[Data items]
- - - - -
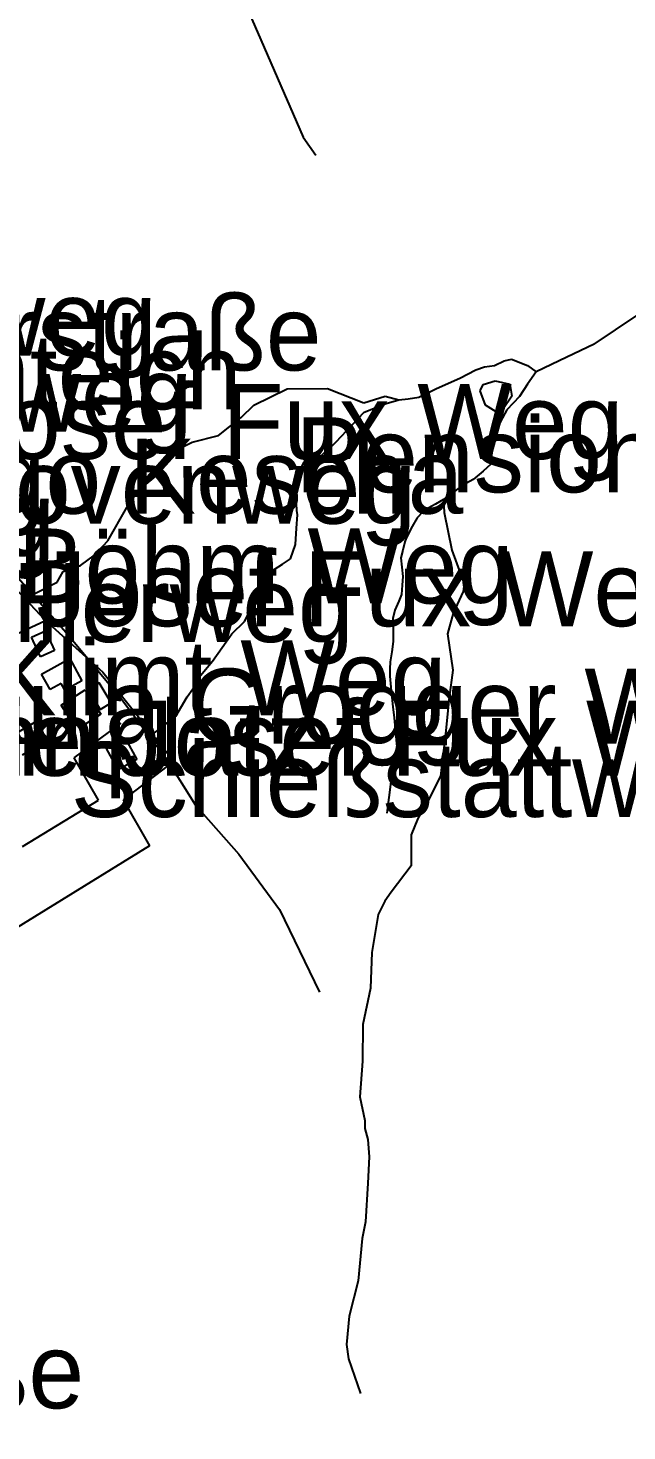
# Model space of a CAD drawing. Extents: x -3657 to 4700, y -7332 to 8131.
# Drawn here: x -2415 to -2068, y -4556 to -3743 of the extents above; entities that cross this region are included whole.
import ezdxf

# ---------------------------------------------------------------- set-up
doc = ezdxf.new("R2010")
doc.units = 0
for name, color, linetype in [('OSM_BUILDING_CONSTRUCTION', 9, 'CONTINUOUS'), ('OSM_BUILDING_DETACHED', 9, 'CONTINUOUS'), ('OSM_BUILDING_HOUSE', 9, 'CONTINUOUS'), ('OSM_HIGHWAY_PATH', 8, 'CONTINUOUS'), ('OSM_HIGHWAY_RESIDENTIAL', 8, 'CONTINUOUS'), ('OSM_HIGHWAY_TRACK', 8, 'CONTINUOUS'), ('OSM_LABELS', 8, 'CONTINUOUS'), ('OSM_LANDUSE_GREENFIELD', 3, 'CONTINUOUS'), ('OSM_LANDUSE_RESIDENTIAL', 3, 'CONTINUOUS'), ('OSM_NATURAL_WATER', 4, 'CONTINUOUS')]:
    doc.layers.add(name, color=color, linetype=linetype)

msp = doc.modelspace()

# ---------------------------------------------------------------- linework, layer by layer
at = {"layer": 'OSM_BUILDING_CONSTRUCTION'}
for p, q in [((-2373.274057, -4122.335742), (-2379.622251, -4126.11637)), ((-2379.622251, -4126.11637), (-2372.720391, -4137.714001)), ((-2366.372197, -4133.933373), (-2373.274057, -4122.335742)), ((-2372.720391, -4137.714001), (-2366.372197, -4133.933373))]:
    msp.add_line(p, q, dxfattribs=at)
at = {"layer": 'OSM_BUILDING_DETACHED'}
for p, q in [((-2395.382762, -4135.256593), (-2381.381846, -4126.294282)), ((-2381.381846, -4126.294282), (-2372.333584, -4140.471635)), ((-2388.556746, -4145.942425), (-2395.382762, -4135.256593)), ((-2372.333584, -4140.471635), (-2383.725444, -4147.754903)), ((-2385.947692, -4144.274501), (-2388.556746, -4145.942425)), ((-2383.725444, -4147.754903), (-2385.947692, -4144.274501)), ((-2369.064681, -4160.386646), (-2358.287161, -4154.371001)), ((-2358.287161, -4154.371001), (-2351.461146, -4166.624682)), ((-2362.238665, -4172.640327), (-2369.064681, -4160.386646)), ((-2351.461146, -4166.624682), (-2362.238665, -4172.640327))]:
    msp.add_line(p, q, dxfattribs=at)
at = {"layer": 'OSM_BUILDING_HOUSE'}
for p, q in [((-2412.478138, -4095.837991), (-2404.42344, -4092.157439)), ((-2404.42344, -4092.157439), (-2399.20533, -4103.599397)), ((-2407.260028, -4107.279949), (-2412.478138, -4095.837991)), ((-2399.20533, -4103.599397), (-2407.260028, -4107.279949)), ((-2406.691193, -4117.220776), (-2390.323926, -4108.269584)), ((-2390.323926, -4108.269584), (-2383.29313, -4121.123718)), ((-2401.784047, -4126.205326), (-2406.691193, -4117.220776)), ((-2395.352424, -4122.680447), (-2401.784047, -4126.205326)), ((-2393.236359, -4126.56115), (-2395.352424, -4122.680447)), ((-2383.29313, -4121.123718), (-2393.236359, -4126.56115)), ((-2424.408495, -4153.436963), (-2410.528931, -4145.052866)), ((-2410.528931, -4145.052866), (-2404.051801, -4155.805415)), ((-2404.051801, -4155.805415), (-2417.923781, -4164.178393))]:
    msp.add_line(p, q, dxfattribs=at)
at = {"layer": 'OSM_HIGHWAY_PATH'}
for p, q in [((-2283.845673, -3961.492281), (-2264.52805, -3952.174146)), ((-2264.52805, -3952.174146), (-2241.076895, -3951.829442)), ((-2241.076895, -3951.829442), (-2220.037599, -3960.113464)), ((-2291.088833, -3968.74219), (-2283.845673, -3961.492281)), ((-2220.037599, -3960.113464), (-2207.614252, -3956.310597)), ((-2207.614252, -3956.310597), (-2199.802256, -3958.478899)), ((-2304.194783, -3979.094438), (-2291.088833, -3968.74219)), ((-2319.37129, -3982.886185), (-2304.194783, -3979.094438)), ((-2331.787053, -3989.101981), (-2319.37129, -3982.886185)), ((-2346.614675, -4004.635913), (-2331.787053, -3989.101981)), ((-2357.308766, -4020.859252), (-2346.614675, -4004.635913)), ((-2368.344157, -4040.184931), (-2357.308766, -4020.859252)), ((-2375.936203, -4048.468953), (-2368.344157, -4040.184931)), ((-2384.21085, -4054.328925), (-2375.936203, -4048.468953)), ((-2397.665684, -4064.002884), (-2394.214755, -4057.787087)), ((-2394.214755, -4057.787087), (-2384.21085, -4054.328925)), ((-2411.810705, -4071.119359), (-2397.665684, -4064.002884))]:
    msp.add_line(p, q, dxfattribs=at)
at = {"layer": 'OSM_HIGHWAY_RESIDENTIAL'}
for p, q in [((-2387.783131, -4165.768481), (-2360.516993, -4145.608841)), ((-2373.7898, -4190.309201), (-2387.783131, -4165.768481)), ((-2417.802429, -4217.084939), (-2373.7898, -4190.309201))]:
    msp.add_line(p, q, dxfattribs=at)
at = {"layer": 'OSM_HIGHWAY_TRACK'}
for p, q in [((-2292.962195, -3719.220775), (-2255.252253, -3806.442075)), ((-2255.252253, -3806.442075), (-2247.933248, -3816.738726)), ((-2086.642093, -3926.176772), (-2061.871242, -3909.553131)), ((-2086.642093, -3926.176772), (-2102.44811, -3933.693549)), ((-2155.273884, -3941.154729), (-2150.131619, -3939.353371)), ((-2150.131619, -3939.353371), (-2144.33709, -3938.486051)), ((-2144.33709, -3938.486051), (-2138.754927, -3935.86185)), ((-2138.754927, -3935.86185), (-2134.469706, -3934.805499)), ((-2134.469706, -3934.805499), (-2125.300092, -3938.563887)), ((-2125.300092, -3938.563887), (-2120.226088, -3942.166603)), ((-2102.44811, -3933.693549), (-2120.226088, -3942.166603)), ((-2177.936254, -3951.940637), (-2164.519342, -3945.94723)), ((-2164.519342, -3945.94723), (-2155.273884, -3941.154729)), ((-2120.226088, -3942.166603), (-2125.300092, -3949.372034)), ((-2188.213199, -3956.877692), (-2177.936254, -3951.940637)), ((-2125.300092, -3949.372034), (-2129.956952, -3956.566346)), ((-2219.802481, -3965.67321), (-2207.106093, -3960.491527)), ((-2207.106093, -3960.491527), (-2199.802256, -3958.478899)), ((-2199.802256, -3958.478899), (-2194.356613, -3957.867326)), ((-2194.356613, -3957.867326), (-2188.213199, -3956.877692)), ((-2137.154605, -3964.194318), (-2140.962005, -3970.977208)), ((-2129.956952, -3956.566346), (-2137.154605, -3964.194318)), ((-2227.000135, -3973.201107), (-2219.802481, -3965.67321)), ((-2140.962005, -3970.977208), (-2144.776989, -3979.861683)), ((-2236.101488, -3982.730512), (-2227.000135, -3973.201107)), ((-2144.776989, -3979.861683), (-2146.043594, -3990.458559)), ((-2245.202842, -3991.09237), (-2238.217553, -3984.954411)), ((-2238.217553, -3984.954411), (-2236.101488, -3982.730512)), ((-2257.262136, -4000.08804), (-2254.508976, -3994.272545)), ((-2254.508976, -3994.272545), (-2245.202842, -3991.09237)), ((-2146.521415, -3995.751438), (-2151.019001, -3999.721097)), ((-2146.043594, -3990.458559), (-2146.521415, -3995.751438)), ((-2260.386934, -4005.859057), (-2257.262136, -4000.08804)), ((-2156.783191, -4004.491359), (-2160.491993, -4006.65966)), ((-2151.019001, -3999.721097), (-2156.783191, -4004.491359)), ((-2259.006562, -4018.201694), (-2260.386934, -4005.859057)), ((-2168.903161, -4012.486274), (-2173.825476, -4016.244663)), ((-2163.980845, -4008.772364), (-2168.903161, -4012.486274)), ((-2160.491993, -4006.65966), (-2163.980845, -4008.772364)), ((-2258.907964, -4022.538296), (-2259.006562, -4018.201694)), ((-2178.580933, -4018.9467), (-2182.820647, -4021.270674)), ((-2173.825476, -4016.244663), (-2178.580933, -4018.9467)), ((-2173.825476, -4016.244663), (-2173.469006, -4023.783679)), ((-2259.006562, -4032.812707), (-2258.430143, -4024.973465)), ((-2258.430143, -4024.973465), (-2258.907964, -4022.538296)), ((-2189.11575, -4026.774822), (-2192.020599, -4031.811953)), ((-2186.150226, -4023.55017), (-2189.11575, -4026.774822)), ((-2182.820647, -4021.270674), (-2186.150226, -4023.55017)), ((-2173.469006, -4023.783679), (-2168.98659, -4045.533407)), ((-2259.643657, -4042.186439), (-2259.006562, -4032.812707)), ((-2192.020599, -4031.811953), (-2195.623218, -4038.583724)), ((-2262.609181, -4050.548298), (-2259.643657, -4042.186439)), ((-2197.473827, -4045.522287), (-2198.588743, -4050.025682)), ((-2196.260313, -4040.651949), (-2197.473827, -4045.522287)), ((-2195.623218, -4038.583724), (-2196.260313, -4040.651949)), ((-2168.98659, -4045.533407), (-2161.917872, -4065.036997)), ((-2271.922899, -4056.697377), (-2267.212949, -4053.517202)), ((-2267.212949, -4053.517202), (-2262.609181, -4050.548298)), ((-2198.588743, -4050.025682), (-2198.05783, -4055.262963)), ((-2424.499509, -4056.652899), (-2411.810705, -4071.119359)), ((-2276.20812, -4064.692292), (-2274.092055, -4060.555841)), ((-2274.092055, -4060.555841), (-2271.922899, -4056.697377)), ((-2198.05783, -4055.262963), (-2197.473827, -4060.822709)), ((-2197.473827, -4060.822709), (-2197.845465, -4065.84872)), ((-2278.748915, -4071.408466), (-2276.20812, -4064.692292)), ((-2197.845465, -4065.84872), (-2198.323286, -4071.09712)), ((-2162.433615, -4069.35136), (-2168.296404, -4081.949745)), ((-2161.917872, -4065.036997), (-2162.433615, -4069.35136)), ((-2411.810705, -4071.119359), (-2392.45516, -4093.191552)), ((-2286.576079, -4082.005343), (-2278.748915, -4071.408466)), ((-2199.802256, -4075.011182), (-2202.077595, -4080.259582)), ((-2198.323286, -4071.09712), (-2199.802256, -4075.011182)), ((-2289.063782, -4086.820083), (-2286.576079, -4082.005343)), ((-2202.077595, -4080.259582), (-2203.291109, -4085.018725)), ((-2203.291109, -4085.018725), (-2203.131835, -4091.534748)), ((-2168.296404, -4081.949745), (-2171.572891, -4094.025514)), ((-2392.45516, -4093.191552), (-2360.827956, -4131.16462)), ((-2307.744311, -4109.848552), (-2296.42071, -4093.969917)), ((-2296.42071, -4093.969917), (-2289.063782, -4086.820083)), ((-2203.131835, -4091.534748), (-2202.980146, -4098.417714)), ((-2171.572891, -4094.025514), (-2168.470846, -4115.074714)), ((-2202.980146, -4098.417714), (-2203.875112, -4104.288806)), ((-2315.518383, -4119.277882), (-2307.744311, -4109.848552)), ((-2204.883845, -4110.226615), (-2205.043119, -4114.251871)), ((-2203.875112, -4104.288806), (-2204.883845, -4110.226615)), ((-2205.043119, -4114.251871), (-2205.043119, -4118.377203)), ((-2205.043119, -4118.377203), (-2204.140568, -4126.905854)), ((-2168.470846, -4115.074714), (-2170.541404, -4130.786557)), ((-2322.450581, -4130.397375), (-2319.174094, -4125.738307)), ((-2319.174094, -4125.738307), (-2317.004938, -4122.936195)), ((-2317.004938, -4122.936195), (-2315.518383, -4119.277882)), ((-2360.827956, -4131.16462), (-2344.081465, -4153.359127)), ((-2328.851866, -4141.572465), (-2322.450581, -4130.397375)), ((-2204.140568, -4126.905854), (-2203.184926, -4136.223989)), ((-2170.541404, -4130.786557), (-2172.77882, -4151.835756)), ((-2335.996429, -4147.287884), (-2328.851866, -4141.572465)), ((-2203.184926, -4136.223989), (-2202.555416, -4142.628817)), ((-2202.555416, -4142.628817), (-2201.705956, -4151.368738)), ((-2342.230856, -4152.135983), (-2335.996429, -4147.287884)), ((-2344.081465, -4153.359127), (-2342.230856, -4152.135983)), ((-2344.081465, -4153.359127), (-2334.782915, -4165.668405)), ((-2201.705956, -4151.368738), (-2200.856496, -4159.408131)), ((-2172.77882, -4151.835756), (-2175.714007, -4176.343118)), ((-2334.782915, -4165.668405), (-2317.596526, -4193.144672)), ((-2200.651716, -4161.743224), (-2202.980146, -4168.993134)), ((-2200.856496, -4159.408131), (-2200.651716, -4161.743224)), ((-2202.980146, -4168.993134), (-2206.749623, -4197.870456)), ((-2175.714007, -4176.343118), (-2182.957168, -4190.842937)), ((-2182.957168, -4190.842937), (-2188.819956, -4200.85048)), ((-2317.596526, -4193.144672), (-2292.370607, -4221.443781)), ((-2188.819956, -4200.85048), (-2192.612187, -4210.346527)), ((-2192.612187, -4210.346527), (-2192.612187, -4228.293388)), ((-2292.370607, -4221.443781), (-2268.972544, -4253.612473)), ((-2192.612187, -4228.293388), (-2204.269504, -4243.58269)), ((-2204.269504, -4243.58269), (-2207.963137, -4248.831091)), ((-2268.972544, -4253.612473), (-2245.642741, -4301.426291)), ((-2211.755367, -4256.414585), (-2215.38074, -4278.509017)), ((-2207.963137, -4248.831091), (-2211.755367, -4256.414585)), ((-2215.38074, -4278.509017), (-2216.237784, -4299.213512)), ((-2216.237784, -4299.213512), (-2220.553343, -4320.095919)), ((-2220.553343, -4320.095919), (-2220.727785, -4341.323031)), ((-2220.727785, -4341.323031), (-2222.449458, -4362.038646)), ((-2222.449458, -4362.038646), (-2219.514271, -4375.849056)), ((-2219.514271, -4375.849056), (-2219.514271, -4380.330211)), ((-2219.514271, -4380.330211), (-2217.792599, -4386.7128)), ((-2217.792599, -4386.7128), (-2216.92797, -4396.898255)), ((-2216.92797, -4396.898255), (-2217.792599, -4412.087482)), ((-2217.792599, -4412.087482), (-2219.172971, -4434.348707)), ((-2219.172971, -4434.348707), (-2221.069086, -4444.011546)), ((-2221.069086, -4444.011546), (-2223.314087, -4468.518908)), ((-2223.314087, -4468.518908), (-2228.486689, -4489.05661)), ((-2228.486689, -4489.05661), (-2230.033919, -4505.457862)), ((-2230.033919, -4505.457862), (-2229.002433, -4513.741884)), ((-2229.002433, -4513.741884), (-2221.99439, -4533.868166))]:
    msp.add_line(p, q, dxfattribs=at)
at = {"layer": 'OSM_LANDUSE_GREENFIELD'}
for p, q in [((-2404.332426, -4086.21963), (-2427.768412, -4061.323086)), ((-2432.470778, -4099.118242), (-2404.332426, -4086.21963))]:
    msp.add_line(p, q, dxfattribs=at)
at = {"layer": 'OSM_LANDUSE_RESIDENTIAL'}
for p, q in [((-2432.470778, -4099.118242), (-2404.332426, -4086.21963)), ((-2404.332426, -4086.21963), (-2371.241421, -4116.220021)), ((-2371.241421, -4116.220021), (-2330.019874, -4167.781109)), ((-2330.019874, -4167.781109), (-2359.523428, -4189.986736)), ((-2359.523428, -4189.986736), (-2344.240739, -4216.706877)), ((-2344.240739, -4216.706877), (-2444.598331, -4278.742526))]:
    msp.add_line(p, q, dxfattribs=at)
at = {"layer": 'OSM_NATURAL_WATER'}
for p, q in [((-2150.927987, -3949.594424), (-2144.018543, -3947.359406)), ((-2144.018543, -3947.359406), (-2135.470855, -3949.394273)), ((-2152.763427, -3953.252737), (-2150.927987, -3949.594424)), ((-2149.509693, -3961.603476), (-2152.763427, -3953.252737)), ((-2135.470855, -3949.394273), (-2134.249757, -3956.310597)), ((-2143.404202, -3965.473059), (-2149.509693, -3961.603476)), ((-2139.13415, -3963.438192), (-2143.404202, -3965.473059)), ((-2134.249757, -3956.310597), (-2139.13415, -3963.438192))]:
    msp.add_line(p, q, dxfattribs=at)

# ---------------------------------------------------------------- texts
at = {"layer": 'OSM_LABELS'}
for s, p in [('Bienenweg', (-2627.254914, -3932.915185)), ('Bierbaumerstraße', (-2709.150119, -3941.429536)), ('Schwimmteich', (-2665.061458, -3963.906381)), ('Mozartweg', (-2603.258923, -3976.789475)), ('Johann Josef Fux Weg', (-2663.522701, -3992.725543)), ('Pensionistenpromenade', (-2259.699338, -4012.007213)), ('vulgo Kescha', (-2510.968057, -4024.346603)), ('Beethovenweg', (-2573.84893, -4030.194066)), ('Schubertweg', (-2737.694712, -4049.049053)), ('Karl Böhm Weg', (-2539.900881, -4076.3622)), ('Johann Josef Fux Weg', (-2616.269797, -4089.548388)), ('Schillerweg', (-2522.771124, -4098.698381)), ('Gustav Klimt Weg', (-2636.81892, -4141.088767)), ('Paula Grogger Weg', (-2486.077751, -4157.512257)), ('Erlebnisspielplatz', (-2699.352804, -4176.145191)), ('Johann Josef Fux Weg', (-2565.863993, -4176.07744)), ('Schießstattweg', (-2389.762434, -4200.026391)), ('Hauptstraße', (-2701.468511, -4542.435088))]:
    msp.add_text(s, height=43.418293, dxfattribs=at).set_placement(p)

doc.saveas('drawing.dxf')
- - - - -
> [Your task]: Reproduce exactly the entries from their first line through the line containing "doc.units = 0", including both, and omit any pictures.

> [Exercise solution]:
# Model space of a CAD drawing. Extents: x -3657 to 4700, y -7332 to 8131.
# Drawn here: x -2415 to -2068, y -4556 to -3743 of the extents above; entities that cross this region are included whole.
import ezdxf

# ---------------------------------------------------------------- set-up
doc = ezdxf.new("R2010")
doc.units = 0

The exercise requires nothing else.